Not a Political Rant
What's wrong with George W. Bush?
This is not a political post, so my few friends who are uncomfy with my views on this election can read it. Maybe one of them can even tell me what might be wrong with their boy and the way he talks. I keep seeing clips of him addressing audiences a few years ago and he didn't have the awkward pauses in his speech. He didn't start sentences and then, halfway through, look like he wanted to stop and ask for directions. He didn't have all those odd facial expressions, including the recent one where the left corner of his mouth seems to always do the exact opposite of the rest of his face. You cannot look at old footage of the man and not wonder wha' happened?
Presidents do undergo physical changes while in office. Their extreme features and gestures all seem to become exaggerated and by the time they leave the White House, they all look like the Drew Friedman caricature and sound like Dana Carvey's dubbing them. They also seem to age three years for every one they actually served…then once they're out of office, they get about half those years back. Did you ever see photos of Lyndon Johnson in '64, '68 and '70? They look like pictures of a man, his grandfather and his father…in that order.
Is that all that's happened to Bush? That the stress of the job is scrambling his speech patterns?
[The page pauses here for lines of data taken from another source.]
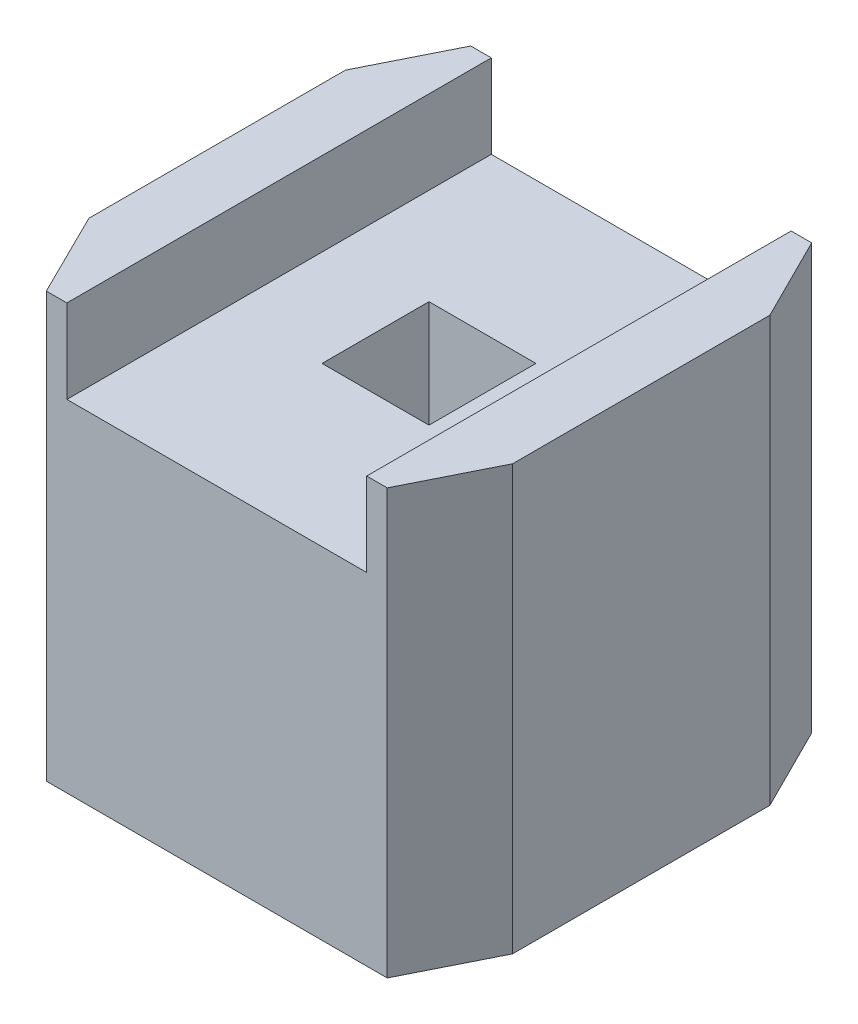
from build123d import *

# Parameters (mm, degrees)
SKETCH1_W           = 0.64
SKETCH1_H           = 0.64
BOSS_EXTRUDE1_DEPTH = 2.54
SKETCH3_W           = 1.79428953
SKETCH3_H           = 2.54
CUT_EXTRUDE1_DEPTH  = 0.5


with BuildPart() as part:
    # Sketch1 → Boss-Extrude1 (new body)
    with BuildSketch(Plane(origin=(0, 0, 0), x_dir=(1, 0, 0), z_dir=(0, 1, 0))):
        Polygon((-1.02, 1.27), (-1.27, 0.77), (-1.27, -0.765040333), (-1.02, -1.27), (1.02, -1.27), (1.27, -0.77), (1.27, 0.77), (1.02, 1.27), align=None)
        Rectangle(SKETCH1_W, SKETCH1_H, mode=Mode.SUBTRACT)
    extrude(amount=BOSS_EXTRUDE1_DEPTH)

    # Sketch3 → Cut-Extrude1 (cut)
    with BuildSketch(Plane(origin=(0, 2.54, 0), x_dir=(1, 0, 0), z_dir=(0, 1, 0))):
        Rectangle(SKETCH3_W, SKETCH3_H)
    extrude(amount=-CUT_EXTRUDE1_DEPTH, mode=Mode.SUBTRACT)


solid = part.part

Around the Internet, even pro-Bush sites are starting to hesitantly float irresponsibly reckless theories about strokes or various medical conditions or even drug use. Before Election Day, some sort of baseless, long distance diagnosis may make it into the mainstream press for a brief, unfortunate controversy.
Like I said, this is not a political post. If you think Bush has the right answers on Iraq and the economy, you're not going to switch your vote even if it turns out he's a robot and in dire need of Rustoleum. But something has impacted his oratorical skills and it may even explain why he didn't do better in the debates than he did. It would be nice to know what it is.